Lastly, results obtained in the present study suggest that freshwater affected the incidence of SFAs, which resulted significantly lower in fillet of European sea bass raised in AFW compared to ASW. As suggested by Hunt et al. [35] who studied the same species, it is possible that fish farmed in freshwater prefer to use SFAs as principal source of energy.

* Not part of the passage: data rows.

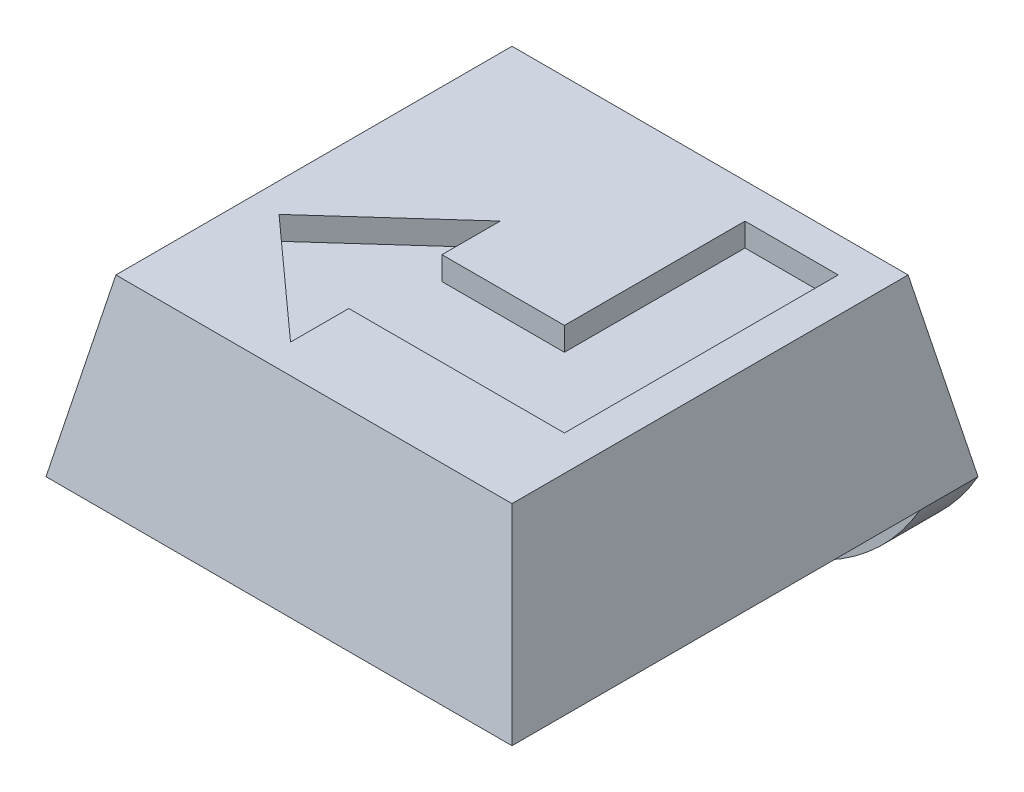
ISO-10303-21;
HEADER;
FILE_DESCRIPTION(('STEP AP214'),'2;1');
FILE_NAME('part.step','',(''),(''),'','','');
FILE_SCHEMA(('AUTOMOTIVE_DESIGN { 1 0 10303 214 1 1 1 1 }'));
ENDSEC;
DATA;
#1=APPLICATION_CONTEXT('core data for automotive mechanical design processes');
#2=APPLICATION_PROTOCOL_DEFINITION('international standard','automotive_design',2000,#1);
#3=PRODUCT_CONTEXT('',#1,'mechanical');
#4=PRODUCT('Part','Part','',(#3));
#5=PRODUCT_RELATED_PRODUCT_CATEGORY('part','',(#4));
#6=PRODUCT_DEFINITION_FORMATION('','',#4);
#7=PRODUCT_DEFINITION_CONTEXT('part definition',#1,'design');
#8=PRODUCT_DEFINITION('design','',#6,#7);
#9=PRODUCT_DEFINITION_SHAPE('','',#8);
#10=(LENGTH_UNIT() NAMED_UNIT(*) SI_UNIT(.MILLI.,.METRE.));
#11=(NAMED_UNIT(*) PLANE_ANGLE_UNIT() SI_UNIT($,.RADIAN.));
#12=(NAMED_UNIT(*) SI_UNIT($,.STERADIAN.) SOLID_ANGLE_UNIT());
#13=UNCERTAINTY_MEASURE_WITH_UNIT(LENGTH_MEASURE(1.E-05),#10,'distance_accuracy_value','');
#14=(GEOMETRIC_REPRESENTATION_CONTEXT(3) GLOBAL_UNCERTAINTY_ASSIGNED_CONTEXT((#13)) GLOBAL_UNIT_ASSIGNED_CONTEXT((#10,
#11,#12)) REPRESENTATION_CONTEXT('',''));
#15=CARTESIAN_POINT('',(0.,0.,0.));
#16=DIRECTION('',(0.,0.,1.));
#17=DIRECTION('',(1.,0.,0.));
#18=AXIS2_PLACEMENT_3D('',#15,#16,#17);
#19=CARTESIAN_POINT('',(0.,3.,0.));
#20=DIRECTION('',(0.,-1.,0.));
#21=DIRECTION('',(0.,0.,-1.));
#22=AXIS2_PLACEMENT_3D('',#19,#20,#21);
#23=PLANE('',#22);
#24=DIRECTION('',(-1.,0.,0.));
#25=VECTOR('',#24,1.);
#26=CARTESIAN_POINT('',(0.,3.,-2.1));
#27=LINE('',#26,#25);
#28=CARTESIAN_POINT('',(6.8,3.,-2.1));
#29=VERTEX_POINT('',#28);
#30=CARTESIAN_POINT('',(3.09782784027759,3.,-2.1));
#31=VERTEX_POINT('',#30);
#32=EDGE_CURVE('E239',#29,#31,#27,.T.);
#33=ORIENTED_EDGE('',*,*,#32,.T.);
#34=DIRECTION('',(0.,0.,-1.));
#35=VECTOR('',#34,1.);
#36=CARTESIAN_POINT('',(3.09782784027759,3.,0.));
#37=LINE('',#36,#35);
#38=CARTESIAN_POINT('',(3.09782784027759,3.,-1.1));
#39=VERTEX_POINT('',#38);
#40=EDGE_CURVE('E235',#39,#31,#37,.T.);
#41=ORIENTED_EDGE('',*,*,#40,.F.);
#42=DIRECTION('',(0.742932553355282,0.,0.669366283259772));
#43=VECTOR('',#42,1.);
#44=CARTESIAN_POINT('',(1.93500894894264,3.,-2.14767486076882));
#45=LINE('',#44,#43);
#46=CARTESIAN_POINT('',(1.1,3.,-2.9));
#47=VERTEX_POINT('',#46);
#48=EDGE_CURVE('E197',#47,#39,#45,.T.);
#49=ORIENTED_EDGE('',*,*,#48,.F.);
#50=DIRECTION('',(-0.742932553355282,0.,0.669366283259772));
#51=VECTOR('',#50,1.);
#52=CARTESIAN_POINT('',(-0.949296262379639,3.,-1.05362805647417));
#53=LINE('',#52,#51);
#54=CARTESIAN_POINT('',(3.09782784027759,3.,-4.7));
#55=VERTEX_POINT('',#54);
#56=EDGE_CURVE('E218',#55,#47,#53,.T.);
#57=ORIENTED_EDGE('',*,*,#56,.F.);
#58=CARTESIAN_POINT('',(3.09782784027759,3.,-3.7));
#59=VERTEX_POINT('',#58);
#60=EDGE_CURVE('E222',#59,#55,#37,.T.);
#61=ORIENTED_EDGE('',*,*,#60,.F.);
#62=DIRECTION('',(-1.,0.,0.));
#63=VECTOR('',#62,1.);
#64=CARTESIAN_POINT('',(0.,3.,-3.7));
#65=LINE('',#64,#63);
#66=CARTESIAN_POINT('',(5.2,3.,-3.7));
#67=VERTEX_POINT('',#66);
#68=EDGE_CURVE('E243',#67,#59,#65,.T.);
#69=ORIENTED_EDGE('',*,*,#68,.F.);
#70=DIRECTION('',(0.,0.,1.));
#71=VECTOR('',#70,1.);
#72=CARTESIAN_POINT('',(5.2,3.,-6.8));
#73=LINE('',#72,#71);
#74=CARTESIAN_POINT('',(5.2,3.,-6.8));
#75=VERTEX_POINT('',#74);
#76=EDGE_CURVE('E267',#75,#67,#73,.T.);
#77=ORIENTED_EDGE('',*,*,#76,.F.);
#78=DIRECTION('',(1.,0.,0.));
#79=VECTOR('',#78,1.);
#80=CARTESIAN_POINT('',(5.2,3.,-6.8));
#81=LINE('',#80,#79);
#82=CARTESIAN_POINT('',(6.8,3.,-6.8));
#83=VERTEX_POINT('',#82);
#84=EDGE_CURVE('E91',#75,#83,#81,.T.);
#85=ORIENTED_EDGE('',*,*,#84,.T.);
#86=DIRECTION('',(0.,0.,1.));
#87=VECTOR('',#86,1.);
#88=CARTESIAN_POINT('',(6.8,3.,-6.8));
#89=LINE('',#88,#87);
#90=EDGE_CURVE('E275',#83,#29,#89,.T.);
#91=ORIENTED_EDGE('',*,*,#90,.T.);
#92=EDGE_LOOP('',(#33,#41,#49,#57,#61,#69,#77,#85,#91));
#93=FACE_BOUND('',#92,.T.);
#94=DIRECTION('',(-1.,0.,0.));
#95=VECTOR('',#94,1.);
#96=CARTESIAN_POINT('',(11.,3.,-0.6));
#97=LINE('',#96,#95);
#98=CARTESIAN_POINT('',(7.4,3.,-0.6));
#99=VERTEX_POINT('',#98);
#100=CARTESIAN_POINT('',(0.6,3.,-0.6));
#101=VERTEX_POINT('',#100);
#102=EDGE_CURVE('E314',#99,#101,#97,.T.);
#103=ORIENTED_EDGE('',*,*,#102,.F.);
#104=DIRECTION('',(0.,0.,1.));
#105=VECTOR('',#104,1.);
#106=CARTESIAN_POINT('',(7.4,3.,-8.));
#107=LINE('',#106,#105);
#108=CARTESIAN_POINT('',(7.4,3.,-7.4));
#109=VERTEX_POINT('',#108);
#110=EDGE_CURVE('E327',#109,#99,#107,.T.);
#111=ORIENTED_EDGE('',*,*,#110,.F.);
#112=DIRECTION('',(-1.,0.,0.));
#113=VECTOR('',#112,1.);
#114=CARTESIAN_POINT('',(11.,3.,-7.4));
#115=LINE('',#114,#113);
#116=CARTESIAN_POINT('',(0.599999999999999,3.,-7.4));
#117=VERTEX_POINT('',#116);
#118=EDGE_CURVE('E310',#109,#117,#115,.T.);
#119=ORIENTED_EDGE('',*,*,#118,.T.);
#120=DIRECTION('',(0.,0.,1.));
#121=VECTOR('',#120,1.);
#122=CARTESIAN_POINT('',(0.6,3.,-8.));
#123=LINE('',#122,#121);
#124=EDGE_CURVE('E330',#117,#101,#123,.T.);
#125=ORIENTED_EDGE('',*,*,#124,.T.);
#126=EDGE_LOOP('',(#103,#111,#119,#125));
#127=FACE_BOUND('',#126,.T.);
#128=ADVANCED_FACE('F75',(#93,#127),#23,.F.);
#129=CARTESIAN_POINT('',(8.,0.,-8.));
#130=DIRECTION('',(-0.98058067569092,-0.196116135138184,0.));
#131=DIRECTION('',(0.196116135138184,-0.98058067569092,0.));
#132=AXIS2_PLACEMENT_3D('',#129,#130,#131);
#133=PLANE('',#132);
#134=DIRECTION('',(-0.192450089729875,0.962250448649376,-0.192450089729875));
#135=VECTOR('',#134,1.);
#136=CARTESIAN_POINT('',(7.7037037037037,1.48148148148148,-0.296296296296296));
#137=LINE('',#136,#135);
#138=CARTESIAN_POINT('',(8.,0.,0.));
#139=VERTEX_POINT('',#138);
#140=EDGE_CURVE('E324',#139,#99,#137,.T.);
#141=ORIENTED_EDGE('',*,*,#140,.F.);
#142=DIRECTION('',(0.,0.,-1.));
#143=VECTOR('',#142,1.);
#144=CARTESIAN_POINT('',(8.,0.,0.));
#145=LINE('',#144,#143);
#146=CARTESIAN_POINT('',(8.,0.,-7.));
#147=VERTEX_POINT('',#146);
#148=EDGE_CURVE('E343',#139,#147,#145,.T.);
#149=ORIENTED_EDGE('',*,*,#148,.T.);
#150=DIRECTION('',(0.,0.,1.));
#151=VECTOR('',#150,1.);
#152=CARTESIAN_POINT('',(8.,0.,-8.));
#153=LINE('',#152,#151);
#154=CARTESIAN_POINT('',(8.,0.,-8.));
#155=VERTEX_POINT('',#154);
#156=EDGE_CURVE('E250',#155,#147,#153,.T.);
#157=ORIENTED_EDGE('',*,*,#156,.F.);
#158=DIRECTION('',(0.192450089729875,-0.962250448649376,-0.192450089729875));
#159=VECTOR('',#158,1.);
#160=CARTESIAN_POINT('',(8.,0.,-8.));
#161=LINE('',#160,#159);
#162=EDGE_CURVE('E317',#109,#155,#161,.T.);
#163=ORIENTED_EDGE('',*,*,#162,.F.);
#164=ORIENTED_EDGE('',*,*,#110,.T.);
#165=EDGE_LOOP('',(#141,#149,#157,#163,#164));
#166=FACE_BOUND('',#165,.T.);
#167=ADVANCED_FACE('F411',(#166),#133,.F.);
#168=CARTESIAN_POINT('',(0.,0.,-8.));
#169=DIRECTION('',(0.98058067569092,-0.196116135138184,0.));
#170=DIRECTION('',(0.196116135138184,0.98058067569092,0.));
#171=AXIS2_PLACEMENT_3D('',#168,#169,#170);
#172=PLANE('',#171);
#173=DIRECTION('',(-0.192450089729875,-0.962250448649376,0.192450089729875));
#174=VECTOR('',#173,1.);
#175=CARTESIAN_POINT('',(0.296296296296296,1.48148148148148,-0.296296296296296));
#176=LINE('',#175,#174);
#177=CARTESIAN_POINT('',(0.,0.,0.));
#178=VERTEX_POINT('',#177);
#179=EDGE_CURVE('E371',#101,#178,#176,.T.);
#180=ORIENTED_EDGE('',*,*,#179,.F.);
#181=ORIENTED_EDGE('',*,*,#124,.F.);
#182=DIRECTION('',(0.192450089729875,0.962250448649376,0.192450089729875));
#183=VECTOR('',#182,1.);
#184=CARTESIAN_POINT('',(0.,0.,-8.));
#185=LINE('',#184,#183);
#186=CARTESIAN_POINT('',(0.,0.,-8.));
#187=VERTEX_POINT('',#186);
#188=EDGE_CURVE('E342',#187,#117,#185,.T.);
#189=ORIENTED_EDGE('',*,*,#188,.F.);
#190=DIRECTION('',(0.,0.,1.));
#191=VECTOR('',#190,1.);
#192=CARTESIAN_POINT('',(0.,0.,0.));
#193=LINE('',#192,#191);
#194=CARTESIAN_POINT('',(0.,0.,-7.));
#195=VERTEX_POINT('',#194);
#196=EDGE_CURVE('E347',#187,#195,#193,.T.);
#197=ORIENTED_EDGE('',*,*,#196,.T.);
#198=EDGE_CURVE('E334',#195,#178,#193,.T.);
#199=ORIENTED_EDGE('',*,*,#198,.T.);
#200=EDGE_LOOP('',(#180,#181,#189,#197,#199));
#201=FACE_BOUND('',#200,.T.);
#202=ADVANCED_FACE('F395',(#201),#172,.F.);
#203=CARTESIAN_POINT('',(0.,0.,0.));
#204=DIRECTION('',(0.,-1.,0.));
#205=DIRECTION('',(0.,0.,-1.));
#206=AXIS2_PLACEMENT_3D('',#203,#204,#205);
#207=PLANE('',#206);
#208=DIRECTION('',(-1.,0.,0.));
#209=VECTOR('',#208,1.);
#210=CARTESIAN_POINT('',(0.,0.,-7.));
#211=LINE('',#210,#209);
#212=EDGE_CURVE('E297',#147,#195,#211,.T.);
#213=ORIENTED_EDGE('',*,*,#212,.F.);
#214=ORIENTED_EDGE('',*,*,#148,.F.);
#215=DIRECTION('',(1.,0.,0.));
#216=VECTOR('',#215,1.);
#217=CARTESIAN_POINT('',(0.,0.,0.));
#218=LINE('',#217,#216);
#219=EDGE_CURVE('E344',#178,#139,#218,.T.);
#220=ORIENTED_EDGE('',*,*,#219,.F.);
#221=ORIENTED_EDGE('',*,*,#198,.F.);
#222=EDGE_LOOP('',(#213,#214,#220,#221));
#223=FACE_BOUND('',#222,.T.);
#224=CARTESIAN_POINT('',(4.,0.,-3.75));
#225=DIRECTION('',(0.,-1.,0.));
#226=DIRECTION('',(0.,0.,-1.));
#227=AXIS2_PLACEMENT_3D('',#224,#225,#226);
#228=CIRCLE('',#227,1.8);
#229=CARTESIAN_POINT('',(4.,0.,-5.55));
#230=VERTEX_POINT('',#229);
#231=EDGE_CURVE('E300',#230,#230,#228,.T.);
#232=ORIENTED_EDGE('',*,*,#231,.F.);
#233=EDGE_LOOP('',(#232));
#234=FACE_BOUND('',#233,.T.);
#235=ADVANCED_FACE('F406',(#223,#234),#207,.T.);
#236=CARTESIAN_POINT('',(11.,3.,-7.4));
#237=DIRECTION('',(0.,0.196116135138184,-0.98058067569092));
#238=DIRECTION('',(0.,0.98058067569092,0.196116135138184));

Results obtained by C/N excluded the influence of freshwater in the pool of carbon and nitrogen. However, FTIR revealed a higher carbohydrate to protein ratio in AFW respect to ASW, suggesting a modification in macromolecule allocation.

5. Conclusions

Development of aquaponics is important in countries with markets strictly dependent on marine species and/or limited sources of freshwater. This study broadened the knowledge on marine aquaponics by testing a marine aquaponics system that provides good quality fish meat while reducing growth performance of chards and modifying macromolecule allocation. However, rearing marine species in aquaponics requires a saltwater source or, alternatively, synthetic salt, which is expensive. A further requirement is the need for halophile plants which diminishes the number of species suitable for rearing. This research exploits commercially interesting euryhaline fish in freshwater environment in order to overcome the above-mentioned disadvantages, obtaining fish meat quality comparable to fish reared in saltwater system and chards with good growth performance. In addition, exploiting euryhaline species allows for an increase in profitability by cultivating commercially interesting common plants.